_WORK TO BE COMPLETED_
Give back an exact copy of the lines below, from the first through the line with "settings OptimizationCC: ReuseModelBlockBuffer=off"; please stop there.
*** Opening of SOURCE DATA ***
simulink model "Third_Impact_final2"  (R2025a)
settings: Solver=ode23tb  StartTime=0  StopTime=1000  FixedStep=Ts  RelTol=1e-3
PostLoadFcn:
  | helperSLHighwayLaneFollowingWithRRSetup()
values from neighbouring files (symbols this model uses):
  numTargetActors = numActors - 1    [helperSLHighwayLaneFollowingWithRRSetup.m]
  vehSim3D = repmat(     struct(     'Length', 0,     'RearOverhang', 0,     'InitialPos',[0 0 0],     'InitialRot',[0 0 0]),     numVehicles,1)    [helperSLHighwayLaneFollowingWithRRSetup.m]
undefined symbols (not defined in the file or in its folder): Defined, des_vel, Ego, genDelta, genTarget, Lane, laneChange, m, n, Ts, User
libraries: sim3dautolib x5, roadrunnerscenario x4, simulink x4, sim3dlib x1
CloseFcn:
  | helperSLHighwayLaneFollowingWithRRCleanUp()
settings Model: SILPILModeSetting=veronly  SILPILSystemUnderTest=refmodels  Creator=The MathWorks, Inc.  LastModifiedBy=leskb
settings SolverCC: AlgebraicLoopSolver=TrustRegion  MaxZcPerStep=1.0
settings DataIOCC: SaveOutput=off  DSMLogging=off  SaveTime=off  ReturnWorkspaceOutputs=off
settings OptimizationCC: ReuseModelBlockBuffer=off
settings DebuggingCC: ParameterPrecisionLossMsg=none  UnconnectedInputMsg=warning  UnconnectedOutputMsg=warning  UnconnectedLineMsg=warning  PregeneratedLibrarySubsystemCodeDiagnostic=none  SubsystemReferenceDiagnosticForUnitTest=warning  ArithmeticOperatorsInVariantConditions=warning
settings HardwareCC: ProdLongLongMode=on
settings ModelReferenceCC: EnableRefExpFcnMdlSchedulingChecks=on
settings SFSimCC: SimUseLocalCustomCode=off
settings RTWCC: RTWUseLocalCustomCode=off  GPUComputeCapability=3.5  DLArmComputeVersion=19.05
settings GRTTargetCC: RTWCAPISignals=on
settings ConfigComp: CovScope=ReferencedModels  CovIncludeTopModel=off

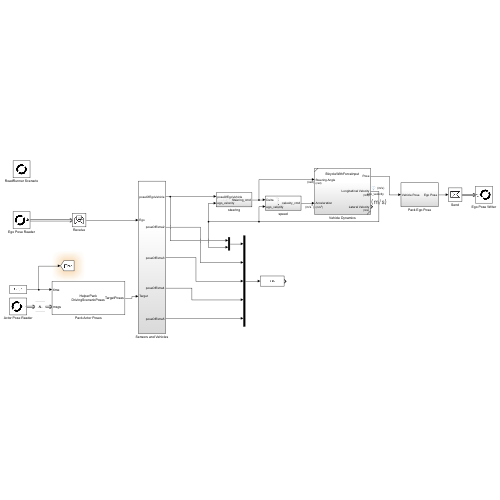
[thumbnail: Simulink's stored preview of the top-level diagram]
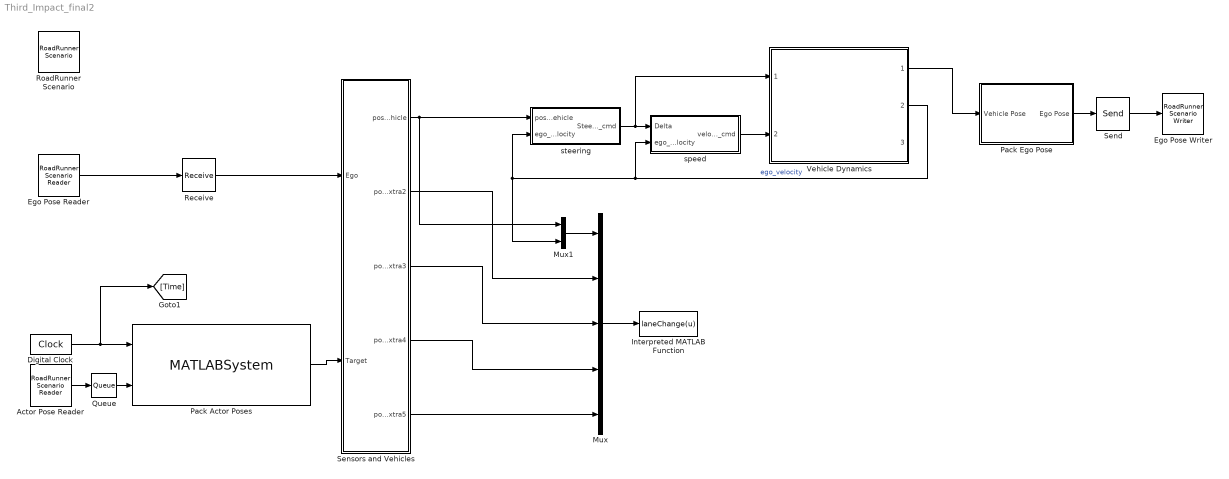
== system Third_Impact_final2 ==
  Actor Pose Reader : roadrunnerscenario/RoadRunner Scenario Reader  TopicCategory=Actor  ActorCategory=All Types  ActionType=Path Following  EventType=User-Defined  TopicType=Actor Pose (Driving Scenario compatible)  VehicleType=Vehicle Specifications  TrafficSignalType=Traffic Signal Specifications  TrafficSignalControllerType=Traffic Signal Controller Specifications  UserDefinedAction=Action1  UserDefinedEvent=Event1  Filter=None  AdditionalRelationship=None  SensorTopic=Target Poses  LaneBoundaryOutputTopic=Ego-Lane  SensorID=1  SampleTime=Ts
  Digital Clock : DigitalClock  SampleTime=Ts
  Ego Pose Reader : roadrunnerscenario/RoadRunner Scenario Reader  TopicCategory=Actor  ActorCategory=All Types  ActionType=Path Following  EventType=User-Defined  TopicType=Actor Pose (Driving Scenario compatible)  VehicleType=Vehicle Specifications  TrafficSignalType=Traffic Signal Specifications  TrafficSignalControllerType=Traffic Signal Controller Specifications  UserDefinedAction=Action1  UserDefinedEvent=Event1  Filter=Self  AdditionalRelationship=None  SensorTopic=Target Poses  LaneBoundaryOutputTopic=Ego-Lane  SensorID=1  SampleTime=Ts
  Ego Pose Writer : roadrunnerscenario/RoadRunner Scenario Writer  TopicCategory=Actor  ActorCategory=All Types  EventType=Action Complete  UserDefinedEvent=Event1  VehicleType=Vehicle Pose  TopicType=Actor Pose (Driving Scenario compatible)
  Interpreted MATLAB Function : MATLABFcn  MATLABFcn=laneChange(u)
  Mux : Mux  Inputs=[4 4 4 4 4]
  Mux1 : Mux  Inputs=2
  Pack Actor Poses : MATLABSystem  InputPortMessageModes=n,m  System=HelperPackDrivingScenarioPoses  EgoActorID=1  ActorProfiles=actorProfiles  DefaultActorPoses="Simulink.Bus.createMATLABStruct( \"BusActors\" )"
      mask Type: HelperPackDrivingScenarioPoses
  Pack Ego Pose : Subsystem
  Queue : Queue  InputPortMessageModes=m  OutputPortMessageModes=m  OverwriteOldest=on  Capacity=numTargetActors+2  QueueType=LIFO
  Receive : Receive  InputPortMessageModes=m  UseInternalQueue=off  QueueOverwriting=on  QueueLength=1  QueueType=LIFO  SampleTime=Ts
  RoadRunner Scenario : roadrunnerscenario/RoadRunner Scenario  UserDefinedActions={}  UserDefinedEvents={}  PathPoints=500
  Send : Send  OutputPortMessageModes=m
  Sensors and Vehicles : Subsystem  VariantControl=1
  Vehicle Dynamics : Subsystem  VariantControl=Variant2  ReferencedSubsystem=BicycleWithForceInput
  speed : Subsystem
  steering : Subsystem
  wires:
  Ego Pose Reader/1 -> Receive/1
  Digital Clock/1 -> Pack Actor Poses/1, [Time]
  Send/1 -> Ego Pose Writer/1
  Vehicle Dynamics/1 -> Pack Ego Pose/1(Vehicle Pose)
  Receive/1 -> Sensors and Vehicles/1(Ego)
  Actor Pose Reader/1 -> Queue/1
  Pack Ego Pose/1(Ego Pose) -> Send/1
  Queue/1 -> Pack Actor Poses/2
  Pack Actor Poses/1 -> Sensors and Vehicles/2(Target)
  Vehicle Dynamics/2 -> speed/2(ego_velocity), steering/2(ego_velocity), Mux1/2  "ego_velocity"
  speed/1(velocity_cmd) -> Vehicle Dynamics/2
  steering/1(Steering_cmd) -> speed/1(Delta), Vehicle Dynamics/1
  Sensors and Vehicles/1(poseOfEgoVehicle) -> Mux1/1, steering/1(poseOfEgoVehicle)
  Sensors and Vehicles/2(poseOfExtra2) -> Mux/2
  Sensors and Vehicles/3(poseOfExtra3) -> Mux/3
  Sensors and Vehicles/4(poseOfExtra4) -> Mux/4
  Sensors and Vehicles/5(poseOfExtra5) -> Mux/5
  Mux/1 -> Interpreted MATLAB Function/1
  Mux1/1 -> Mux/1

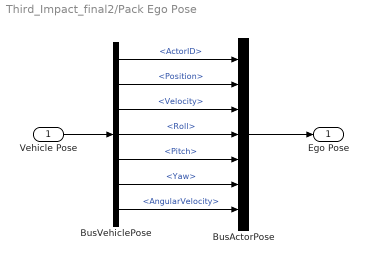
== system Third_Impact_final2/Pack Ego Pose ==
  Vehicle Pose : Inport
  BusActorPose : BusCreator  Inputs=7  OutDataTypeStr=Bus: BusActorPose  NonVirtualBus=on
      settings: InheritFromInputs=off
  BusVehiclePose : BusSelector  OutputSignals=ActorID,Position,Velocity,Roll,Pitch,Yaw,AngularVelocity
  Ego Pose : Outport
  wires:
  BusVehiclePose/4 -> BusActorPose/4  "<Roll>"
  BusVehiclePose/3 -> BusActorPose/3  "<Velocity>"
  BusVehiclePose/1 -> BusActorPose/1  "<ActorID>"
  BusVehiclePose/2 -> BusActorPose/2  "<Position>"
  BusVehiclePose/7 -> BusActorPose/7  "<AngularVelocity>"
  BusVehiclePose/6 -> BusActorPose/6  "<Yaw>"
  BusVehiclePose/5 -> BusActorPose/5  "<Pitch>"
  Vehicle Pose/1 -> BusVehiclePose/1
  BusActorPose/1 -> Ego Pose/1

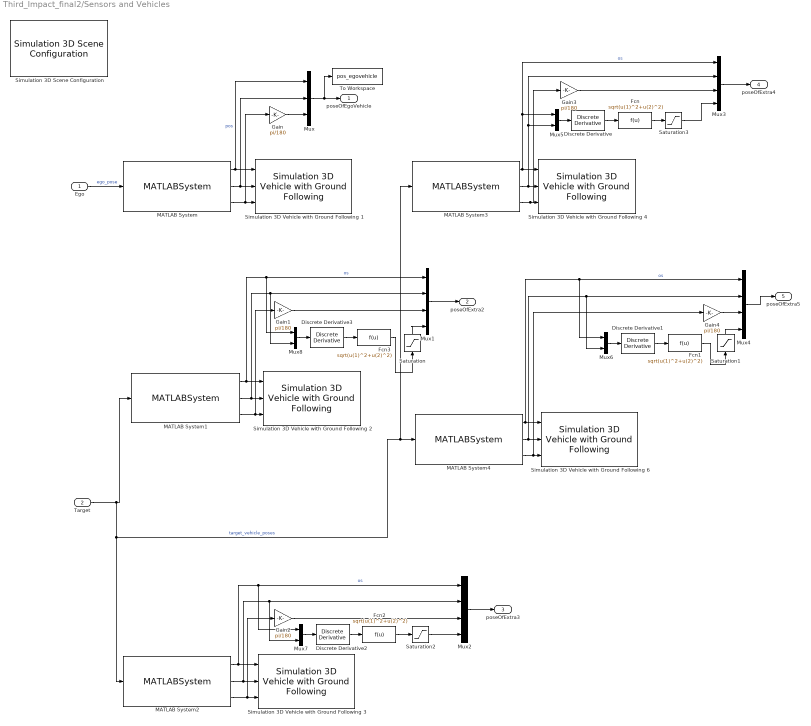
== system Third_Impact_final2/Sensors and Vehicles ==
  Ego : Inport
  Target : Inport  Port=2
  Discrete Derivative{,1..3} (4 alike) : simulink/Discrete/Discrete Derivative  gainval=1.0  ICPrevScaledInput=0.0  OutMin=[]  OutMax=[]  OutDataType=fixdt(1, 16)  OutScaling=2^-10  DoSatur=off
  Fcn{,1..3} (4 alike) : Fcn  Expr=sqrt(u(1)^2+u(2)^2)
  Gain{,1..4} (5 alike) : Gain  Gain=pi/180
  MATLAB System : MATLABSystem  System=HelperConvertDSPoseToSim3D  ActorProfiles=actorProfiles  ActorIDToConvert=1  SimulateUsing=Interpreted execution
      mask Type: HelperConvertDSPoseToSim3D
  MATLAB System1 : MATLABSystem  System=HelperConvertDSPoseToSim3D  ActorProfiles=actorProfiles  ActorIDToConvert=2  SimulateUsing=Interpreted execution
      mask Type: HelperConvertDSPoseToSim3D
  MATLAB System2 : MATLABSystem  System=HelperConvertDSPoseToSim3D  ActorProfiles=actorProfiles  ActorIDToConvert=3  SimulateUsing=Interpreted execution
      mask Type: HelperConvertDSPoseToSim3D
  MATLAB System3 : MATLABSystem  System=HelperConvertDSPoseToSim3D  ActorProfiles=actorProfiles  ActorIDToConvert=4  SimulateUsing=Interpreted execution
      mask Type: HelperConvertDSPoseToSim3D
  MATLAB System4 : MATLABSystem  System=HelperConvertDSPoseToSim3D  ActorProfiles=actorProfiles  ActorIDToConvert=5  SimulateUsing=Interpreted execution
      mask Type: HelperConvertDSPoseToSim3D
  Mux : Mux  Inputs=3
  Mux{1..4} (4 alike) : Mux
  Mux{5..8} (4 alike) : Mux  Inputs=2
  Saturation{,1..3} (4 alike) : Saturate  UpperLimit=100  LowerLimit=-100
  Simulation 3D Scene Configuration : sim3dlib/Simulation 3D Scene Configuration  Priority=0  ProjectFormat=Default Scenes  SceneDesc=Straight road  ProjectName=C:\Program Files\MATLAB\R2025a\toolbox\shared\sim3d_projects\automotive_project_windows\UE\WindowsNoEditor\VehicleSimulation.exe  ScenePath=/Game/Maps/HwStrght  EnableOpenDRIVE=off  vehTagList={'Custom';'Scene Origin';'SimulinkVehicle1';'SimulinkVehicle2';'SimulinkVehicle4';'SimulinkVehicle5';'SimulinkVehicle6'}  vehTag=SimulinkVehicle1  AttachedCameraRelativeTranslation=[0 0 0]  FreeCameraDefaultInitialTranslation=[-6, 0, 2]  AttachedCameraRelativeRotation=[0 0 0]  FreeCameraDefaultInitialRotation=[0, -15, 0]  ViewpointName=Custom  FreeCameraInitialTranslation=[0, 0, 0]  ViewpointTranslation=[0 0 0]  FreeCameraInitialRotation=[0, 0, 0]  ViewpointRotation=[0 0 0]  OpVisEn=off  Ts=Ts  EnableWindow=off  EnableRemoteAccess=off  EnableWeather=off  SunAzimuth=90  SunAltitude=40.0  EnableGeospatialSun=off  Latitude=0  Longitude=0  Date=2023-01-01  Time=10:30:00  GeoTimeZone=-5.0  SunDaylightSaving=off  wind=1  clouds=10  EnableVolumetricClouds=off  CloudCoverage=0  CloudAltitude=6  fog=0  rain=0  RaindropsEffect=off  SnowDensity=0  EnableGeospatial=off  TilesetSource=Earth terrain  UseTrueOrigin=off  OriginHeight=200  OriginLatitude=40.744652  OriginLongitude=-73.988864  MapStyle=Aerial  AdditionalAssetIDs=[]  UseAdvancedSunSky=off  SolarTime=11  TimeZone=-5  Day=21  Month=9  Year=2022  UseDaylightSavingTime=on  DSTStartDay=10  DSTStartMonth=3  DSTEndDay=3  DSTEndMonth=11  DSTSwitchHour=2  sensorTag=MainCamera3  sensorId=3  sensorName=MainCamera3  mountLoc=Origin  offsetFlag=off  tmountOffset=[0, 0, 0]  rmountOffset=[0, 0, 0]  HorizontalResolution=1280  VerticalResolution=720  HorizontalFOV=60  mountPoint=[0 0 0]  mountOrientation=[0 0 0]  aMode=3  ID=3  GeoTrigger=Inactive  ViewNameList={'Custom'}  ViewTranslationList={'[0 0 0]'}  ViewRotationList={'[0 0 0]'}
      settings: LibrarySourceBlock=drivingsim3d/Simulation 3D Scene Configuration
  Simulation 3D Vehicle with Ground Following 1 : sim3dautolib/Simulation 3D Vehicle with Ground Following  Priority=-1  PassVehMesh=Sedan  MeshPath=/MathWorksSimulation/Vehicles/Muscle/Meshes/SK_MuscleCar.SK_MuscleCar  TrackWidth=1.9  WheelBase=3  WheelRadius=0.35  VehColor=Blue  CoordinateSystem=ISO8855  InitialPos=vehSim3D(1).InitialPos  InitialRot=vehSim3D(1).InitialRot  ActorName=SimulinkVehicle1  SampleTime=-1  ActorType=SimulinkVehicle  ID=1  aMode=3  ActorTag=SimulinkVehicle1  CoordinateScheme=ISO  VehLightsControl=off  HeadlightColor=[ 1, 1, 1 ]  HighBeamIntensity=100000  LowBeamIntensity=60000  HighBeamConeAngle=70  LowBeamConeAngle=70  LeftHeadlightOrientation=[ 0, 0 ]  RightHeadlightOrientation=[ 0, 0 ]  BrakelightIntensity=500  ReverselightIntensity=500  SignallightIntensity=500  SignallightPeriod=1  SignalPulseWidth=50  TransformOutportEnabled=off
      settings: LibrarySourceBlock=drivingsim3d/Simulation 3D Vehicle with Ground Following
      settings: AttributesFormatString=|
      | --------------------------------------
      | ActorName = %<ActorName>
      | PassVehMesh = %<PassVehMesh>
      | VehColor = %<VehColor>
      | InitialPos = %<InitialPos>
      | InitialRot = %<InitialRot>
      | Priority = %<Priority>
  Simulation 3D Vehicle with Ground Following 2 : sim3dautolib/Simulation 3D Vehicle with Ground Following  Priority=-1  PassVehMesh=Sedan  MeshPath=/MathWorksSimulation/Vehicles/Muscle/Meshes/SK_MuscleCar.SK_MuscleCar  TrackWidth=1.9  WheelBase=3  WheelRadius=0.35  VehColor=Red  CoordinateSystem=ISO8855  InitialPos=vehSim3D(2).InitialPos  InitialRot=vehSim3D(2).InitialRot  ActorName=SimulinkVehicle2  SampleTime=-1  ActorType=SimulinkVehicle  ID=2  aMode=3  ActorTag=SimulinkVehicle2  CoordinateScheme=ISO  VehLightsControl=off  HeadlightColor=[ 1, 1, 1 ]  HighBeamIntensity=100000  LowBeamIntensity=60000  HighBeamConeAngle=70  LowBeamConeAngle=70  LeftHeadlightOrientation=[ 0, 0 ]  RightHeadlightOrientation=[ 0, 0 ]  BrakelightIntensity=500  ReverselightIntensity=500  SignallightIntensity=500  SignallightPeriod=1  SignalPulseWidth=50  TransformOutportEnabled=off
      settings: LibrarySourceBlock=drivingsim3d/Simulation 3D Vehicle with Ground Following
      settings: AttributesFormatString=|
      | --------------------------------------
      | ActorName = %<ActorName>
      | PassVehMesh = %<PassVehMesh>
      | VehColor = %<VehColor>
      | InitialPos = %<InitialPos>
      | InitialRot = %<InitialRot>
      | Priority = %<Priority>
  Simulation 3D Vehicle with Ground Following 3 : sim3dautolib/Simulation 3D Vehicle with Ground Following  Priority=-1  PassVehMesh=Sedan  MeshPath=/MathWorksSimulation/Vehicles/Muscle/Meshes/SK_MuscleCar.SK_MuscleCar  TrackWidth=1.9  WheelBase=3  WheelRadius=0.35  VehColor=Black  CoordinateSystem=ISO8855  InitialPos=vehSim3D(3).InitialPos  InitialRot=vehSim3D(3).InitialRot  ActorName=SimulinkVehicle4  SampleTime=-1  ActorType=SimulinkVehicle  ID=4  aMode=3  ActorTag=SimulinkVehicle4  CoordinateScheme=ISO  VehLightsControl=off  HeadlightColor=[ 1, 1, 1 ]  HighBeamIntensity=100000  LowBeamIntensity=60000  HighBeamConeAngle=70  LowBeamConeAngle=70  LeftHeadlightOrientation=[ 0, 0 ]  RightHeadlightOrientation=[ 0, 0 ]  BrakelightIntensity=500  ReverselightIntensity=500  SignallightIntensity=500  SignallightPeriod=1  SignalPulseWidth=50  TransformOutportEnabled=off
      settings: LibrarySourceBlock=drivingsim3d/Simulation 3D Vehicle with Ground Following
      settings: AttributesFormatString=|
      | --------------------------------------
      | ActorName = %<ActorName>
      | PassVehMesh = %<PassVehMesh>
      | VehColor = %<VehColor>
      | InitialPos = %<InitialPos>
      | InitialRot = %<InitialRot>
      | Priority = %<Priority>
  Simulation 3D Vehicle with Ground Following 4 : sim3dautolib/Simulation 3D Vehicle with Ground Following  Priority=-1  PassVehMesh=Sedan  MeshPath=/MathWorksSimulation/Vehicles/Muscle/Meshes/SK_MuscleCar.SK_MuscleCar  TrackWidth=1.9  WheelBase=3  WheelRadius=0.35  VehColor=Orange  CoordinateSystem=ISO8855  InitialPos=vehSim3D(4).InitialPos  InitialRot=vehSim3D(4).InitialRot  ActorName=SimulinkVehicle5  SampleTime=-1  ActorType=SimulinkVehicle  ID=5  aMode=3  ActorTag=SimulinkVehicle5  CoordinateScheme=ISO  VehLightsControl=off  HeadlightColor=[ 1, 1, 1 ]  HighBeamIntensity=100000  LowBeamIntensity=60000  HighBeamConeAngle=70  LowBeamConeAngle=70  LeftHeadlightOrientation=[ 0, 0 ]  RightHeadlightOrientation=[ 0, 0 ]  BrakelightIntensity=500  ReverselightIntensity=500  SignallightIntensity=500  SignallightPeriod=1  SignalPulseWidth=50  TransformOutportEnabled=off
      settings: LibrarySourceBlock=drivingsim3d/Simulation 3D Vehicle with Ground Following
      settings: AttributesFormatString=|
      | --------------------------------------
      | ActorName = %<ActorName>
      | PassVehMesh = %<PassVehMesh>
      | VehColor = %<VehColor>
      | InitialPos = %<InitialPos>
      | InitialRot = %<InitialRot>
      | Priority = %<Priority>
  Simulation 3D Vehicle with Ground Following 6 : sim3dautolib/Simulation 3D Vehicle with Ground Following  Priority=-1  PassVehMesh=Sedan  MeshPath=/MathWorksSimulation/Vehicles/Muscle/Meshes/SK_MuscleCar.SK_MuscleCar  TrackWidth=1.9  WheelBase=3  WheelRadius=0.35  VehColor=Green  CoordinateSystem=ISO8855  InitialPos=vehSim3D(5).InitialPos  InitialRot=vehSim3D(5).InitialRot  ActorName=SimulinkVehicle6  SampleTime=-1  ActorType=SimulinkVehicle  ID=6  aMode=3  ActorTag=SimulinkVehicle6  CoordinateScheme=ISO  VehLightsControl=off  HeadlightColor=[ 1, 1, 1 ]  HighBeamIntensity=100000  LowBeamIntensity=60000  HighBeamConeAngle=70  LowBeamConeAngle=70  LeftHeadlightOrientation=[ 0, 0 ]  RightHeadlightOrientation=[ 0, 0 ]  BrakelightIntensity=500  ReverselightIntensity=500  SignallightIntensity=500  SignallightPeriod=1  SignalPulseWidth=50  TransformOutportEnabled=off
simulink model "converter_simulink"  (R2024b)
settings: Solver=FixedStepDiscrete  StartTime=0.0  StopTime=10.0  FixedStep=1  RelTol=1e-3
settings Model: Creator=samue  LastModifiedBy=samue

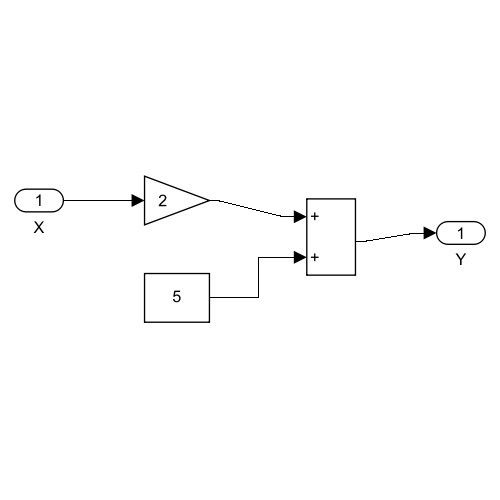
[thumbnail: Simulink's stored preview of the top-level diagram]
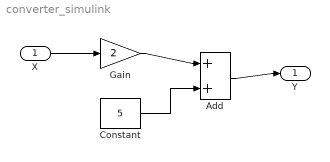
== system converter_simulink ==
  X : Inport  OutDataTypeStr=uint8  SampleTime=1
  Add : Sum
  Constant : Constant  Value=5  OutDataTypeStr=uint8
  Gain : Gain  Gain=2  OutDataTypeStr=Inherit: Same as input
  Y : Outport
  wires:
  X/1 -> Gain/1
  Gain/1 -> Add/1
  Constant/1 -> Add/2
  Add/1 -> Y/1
*** Close of SOURCE DATA ***
_RESULT OF THIS TASK_
simulink model "Third_Impact_final2"  (R2025a)
settings: Solver=ode23tb  StartTime=0  StopTime=1000  FixedStep=Ts  RelTol=1e-3
PostLoadFcn:
  | helperSLHighwayLaneFollowingWithRRSetup()
values from neighbouring files (symbols this model uses):
  numTargetActors = numActors - 1    [helperSLHighwayLaneFollowingWithRRSetup.m]
  vehSim3D = repmat(     struct(     'Length', 0,     'RearOverhang', 0,     'InitialPos',[0 0 0],     'InitialRot',[0 0 0]),     numVehicles,1)    [helperSLHighwayLaneFollowingWithRRSetup.m]
undefined symbols (not defined in the file or in its folder): Defined, des_vel, Ego, genDelta, genTarget, Lane, laneChange, m, n, Ts, User
libraries: sim3dautolib x5, roadrunnerscenario x4, simulink x4, sim3dlib x1
CloseFcn:
  | helperSLHighwayLaneFollowingWithRRCleanUp()
settings Model: SILPILModeSetting=veronly  SILPILSystemUnderTest=refmodels  Creator=The MathWorks, Inc.  LastModifiedBy=leskb
settings SolverCC: AlgebraicLoopSolver=TrustRegion  MaxZcPerStep=1.0
settings DataIOCC: SaveOutput=off  DSMLogging=off  SaveTime=off  ReturnWorkspaceOutputs=off
settings OptimizationCC: ReuseModelBlockBuffer=off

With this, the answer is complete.